Based on the accuracy results obtained for various classifiers and methods on our dataset:

- **Decision Tree (DT)**: Achieved an accuracy of 0.917. This serves as our baseline performance for comparison.
- **Bagging with DT**: Improved accuracy to 0.949, indicating that bagging generally enhances performance compared to a single decision tree.
- **Bagging with SVM**: Delivered an accuracy of 0.8985, which, while improved from a single SVM model, was lower than the performance with decision trees.
- **Pasting with DT**: Slightly outperformed bagging with DT with an accuracy of 0.9495. This suggests that pasting can be more effective than bagging with decision trees for our dataset.
- **Random Subspaces with DT**: Achieved an accuracy of 0.925. This method effectively balances feature sampling and demonstrated robust performance.
- **Random Patches with DT**: Provided an accuracy of 0.918, showing that combining both row and column sampling yields competitive results.
- **Out-of-Bag (OOB) Score with DT**: Recorded an OOB score of 0.943125, which is close to the test accuracy of 0.949. This indicates that the OOB samples are a good representation of the model’s performance.

**Summary**: For our dataset, bagging with decision trees performed very well, achieving high accuracy.
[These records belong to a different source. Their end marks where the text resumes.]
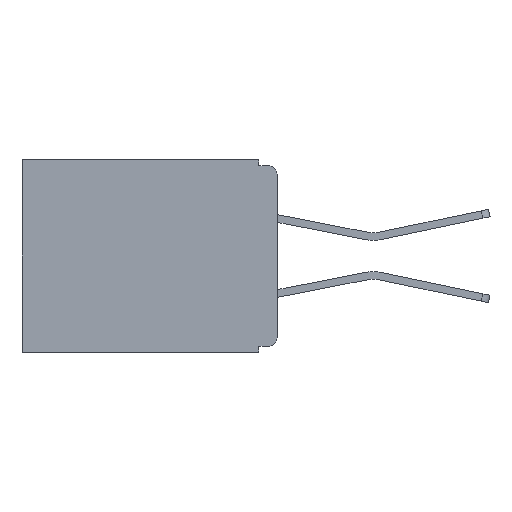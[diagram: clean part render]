
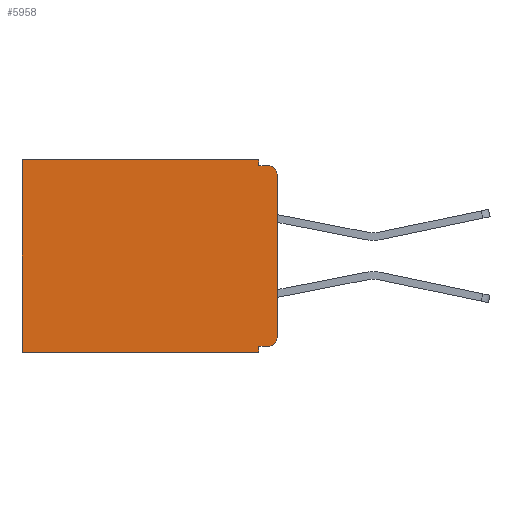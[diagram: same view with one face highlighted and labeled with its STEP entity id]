
A CAD part, left-side view. The second image highlights one B-rep face of the part: STEP entity #5958.
In plain terms, the highlighted planar face has unit normal (-1, 0, 0).
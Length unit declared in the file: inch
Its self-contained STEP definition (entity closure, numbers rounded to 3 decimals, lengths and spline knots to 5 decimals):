
#23 = EDGE_CURVE ( 'NONE', #12133, #21616, #15791, .T. ) ;
#81 = CARTESIAN_POINT ( 'NONE',  ( 0.3, 0.437, 0. ) ) ;
#574 = CARTESIAN_POINT ( 'NONE',  ( 0.3, 0.015, -0.01 ) ) ;
#1296 = CARTESIAN_POINT ( 'NONE',  ( 0.3, 0.015, -0.025 ) ) ;
#1573 = CARTESIAN_POINT ( 'NONE',  ( 0.3, 0.437, -0.33 ) ) ;
#2071 = DIRECTION ( 'NONE',  ( 0., -1., 0. ) ) ;
#2233 = ORIENTED_EDGE ( 'NONE', *, *, #23, .T. ) ;
#2469 = CARTESIAN_POINT ( 'NONE',  ( 0.3, 0.015, -0.305 ) ) ;
#2551 = ORIENTED_EDGE ( 'NONE', *, *, #17377, .T. ) ;
#2637 = DIRECTION ( 'NONE',  ( 0., 0., -1. ) ) ;
#2905 = VERTEX_POINT ( 'NONE', #15451 ) ;
#3011 = EDGE_CURVE ( 'NONE', #18667, #14614, #7848, .T. ) ;
#3071 = CARTESIAN_POINT ( 'NONE',  ( 0.3, 0., -0.32 ) ) ;
#3891 = DIRECTION ( 'NONE',  ( 1., 0., 0. ) ) ;
#4217 = AXIS2_PLACEMENT_3D ( 'NONE', #23912, #3891, #2637 ) ;
#4701 = ORIENTED_EDGE ( 'NONE', *, *, #24101, .F. ) ;
#5694 = VECTOR ( 'NONE', #19618, 39.37008 ) ;
#5958 = ADVANCED_FACE ( 'NONE', ( #19069 ), #16063, .F. ) ;
#6215 = VECTOR ( 'NONE', #2071, 39.37008 ) ;
#6611 = LINE ( 'NONE', #23224, #22518 ) ;
#7193 = DIRECTION ( 'NONE',  ( 0., 0., -1. ) ) ;
#7348 = EDGE_CURVE ( 'NONE', #12133, #18333, #18340, .T. ) ;
#7546 = DIRECTION ( 'NONE',  ( -1., 0., 0. ) ) ;
#7848 = CIRCLE ( 'NONE', #22516, 0.015 ) ;
#7868 = LINE ( 'NONE', #13217, #18297 ) ;
#8211 = ORIENTED_EDGE ( 'NONE', *, *, #14521, .F. ) ;
#8292 = CARTESIAN_POINT ( 'NONE',  ( 0.3, 0.031, -0.33 ) ) ;
#8738 = AXIS2_PLACEMENT_3D ( 'NONE', #2469, #7546, #7193 ) ;
#8777 = DIRECTION ( 'NONE',  ( 0., 0., -1. ) ) ;
#9022 = DIRECTION ( 'NONE',  ( 0., 0., -1. ) ) ;
#9031 = LINE ( 'NONE', #16082, #20116 ) ;
#9525 = ORIENTED_EDGE ( 'NONE', *, *, #14774, .T. ) ;
#10871 = VERTEX_POINT ( 'NONE', #15950 ) ;
#11097 = VERTEX_POINT ( 'NONE', #20733 ) ;
#11265 = LINE ( 'NONE', #13378, #5694 ) ;
#11336 = ORIENTED_EDGE ( 'NONE', *, *, #15920, .F. ) ;
#11746 = VECTOR ( 'NONE', #12198, 39.37008 ) ;
#12006 = VECTOR ( 'NONE', #9022, 39.37008 ) ;
#12133 = VERTEX_POINT ( 'NONE', #26231 ) ;
#12198 = DIRECTION ( 'NONE',  ( 0., 0., -1. ) ) ;
#12404 = LINE ( 'NONE', #1573, #11746 ) ;
#13217 = CARTESIAN_POINT ( 'NONE',  ( 0.3, 0.031, -0.33 ) ) ;
#13378 = CARTESIAN_POINT ( 'NONE',  ( 0.3, 0., -0.33 ) ) ;
#13828 = CARTESIAN_POINT ( 'NONE',  ( 0.3, 0., -0.305 ) ) ;
#14180 = ORIENTED_EDGE ( 'NONE', *, *, #7348, .F. ) ;
#14365 = EDGE_CURVE ( 'NONE', #10871, #14614, #17323, .T. ) ;
#14521 = EDGE_CURVE ( 'NONE', #18333, #14835, #7868, .T. ) ;
#14614 = VERTEX_POINT ( 'NONE', #574 ) ;
#14774 = EDGE_CURVE ( 'NONE', #19218, #11097, #12404, .T. ) ;
#14835 = VERTEX_POINT ( 'NONE', #8292 ) ;
#15171 = ORIENTED_EDGE ( 'NONE', *, *, #14365, .F. ) ;
#15221 = CARTESIAN_POINT ( 'NONE',  ( 0.3, 0.031, 0. ) ) ;
#15297 = DIRECTION ( 'NONE',  ( 0., 0., -1. ) ) ;
#15451 = CARTESIAN_POINT ( 'NONE',  ( 0.3, 0.031, 0. ) ) ;
#15791 = CIRCLE ( 'NONE', #8738, 0.015 ) ;
#15920 = EDGE_CURVE ( 'NONE', #2905, #10871, #17573, .T. ) ;
#15950 = CARTESIAN_POINT ( 'NONE',  ( 0.3, 0.031, -0.01 ) ) ;
#16018 = ORIENTED_EDGE ( 'NONE', *, *, #3011, .T. ) ;
#16063 = PLANE ( 'NONE',  #4217 ) ;
#16082 = CARTESIAN_POINT ( 'NONE',  ( 0.3, 0., 0. ) ) ;
#16703 = DIRECTION ( 'NONE',  ( -1., 0., 0. ) ) ;
#16866 = CARTESIAN_POINT ( 'NONE',  ( 0.3, 0., -0.01 ) ) ;
#17323 = LINE ( 'NONE', #16866, #6215 ) ;
#17377 = EDGE_CURVE ( 'NONE', #2905, #19218, #9031, .T. ) ;
#17573 = LINE ( 'NONE', #15221, #12006 ) ;
#18179 = DIRECTION ( 'NONE',  ( 0., 1., 0. ) ) ;
#18245 = ORIENTED_EDGE ( 'NONE', *, *, #19923, .F. ) ;
#18297 = VECTOR ( 'NONE', #15297, 39.37008 ) ;
#18333 = VERTEX_POINT ( 'NONE', #22077 ) ;
#18340 = LINE ( 'NONE', #3071, #23704 ) ;
#18667 = VERTEX_POINT ( 'NONE', #25440 ) ;
#19069 = FACE_OUTER_BOUND ( 'NONE', #20412, .T. ) ;
#19218 = VERTEX_POINT ( 'NONE', #81 ) ;
#19618 = DIRECTION ( 'NONE',  ( 0., 1., 0. ) ) ;
#19891 = DIRECTION ( 'NONE',  ( 0., 1., 0. ) ) ;
#19923 = EDGE_CURVE ( 'NONE', #18667, #21616, #6611, .T. ) ;
#20116 = VECTOR ( 'NONE', #18179, 39.37008 ) ;
#20412 = EDGE_LOOP ( 'NONE', ( #18245, #16018, #15171, #11336, #2551, #9525, #4701, #8211, #14180, #2233 ) ) ;
#20733 = CARTESIAN_POINT ( 'NONE',  ( 0.3, 0.437, -0.33 ) ) ;
#21616 = VERTEX_POINT ( 'NONE', #13828 ) ;
#21623 = DIRECTION ( 'NONE',  ( 0., 0., -1. ) ) ;
#22077 = CARTESIAN_POINT ( 'NONE',  ( 0.3, 0.031, -0.32 ) ) ;
#22516 = AXIS2_PLACEMENT_3D ( 'NONE', #1296, #16703, #21623 ) ;
#22518 = VECTOR ( 'NONE', #8777, 39.37008 ) ;
#23224 = CARTESIAN_POINT ( 'NONE',  ( 0.3, 0., -0.33 ) ) ;
#23704 = VECTOR ( 'NONE', #19891, 39.37008 ) ;
#23912 = CARTESIAN_POINT ( 'NONE',  ( 0.3, 0., -0.33 ) ) ;
#24101 = EDGE_CURVE ( 'NONE', #14835, #11097, #11265, .T. ) ;
#25440 = CARTESIAN_POINT ( 'NONE',  ( 0.3, 0., -0.025 ) ) ;
#26231 = CARTESIAN_POINT ( 'NONE',  ( 0.3, 0.015, -0.32 ) ) ;

Pasting with decision trees slightly outperformed bagging. Random subspaces and random patches also showed strong performance, but were not as effective as the best bagging and pasting methods. The OOB score provided a reliable estimate of model performance. Overall, decision tree-based methods with bagging or pasting are effective for this dataset, with minor variations depending on the specific sampling techniques used.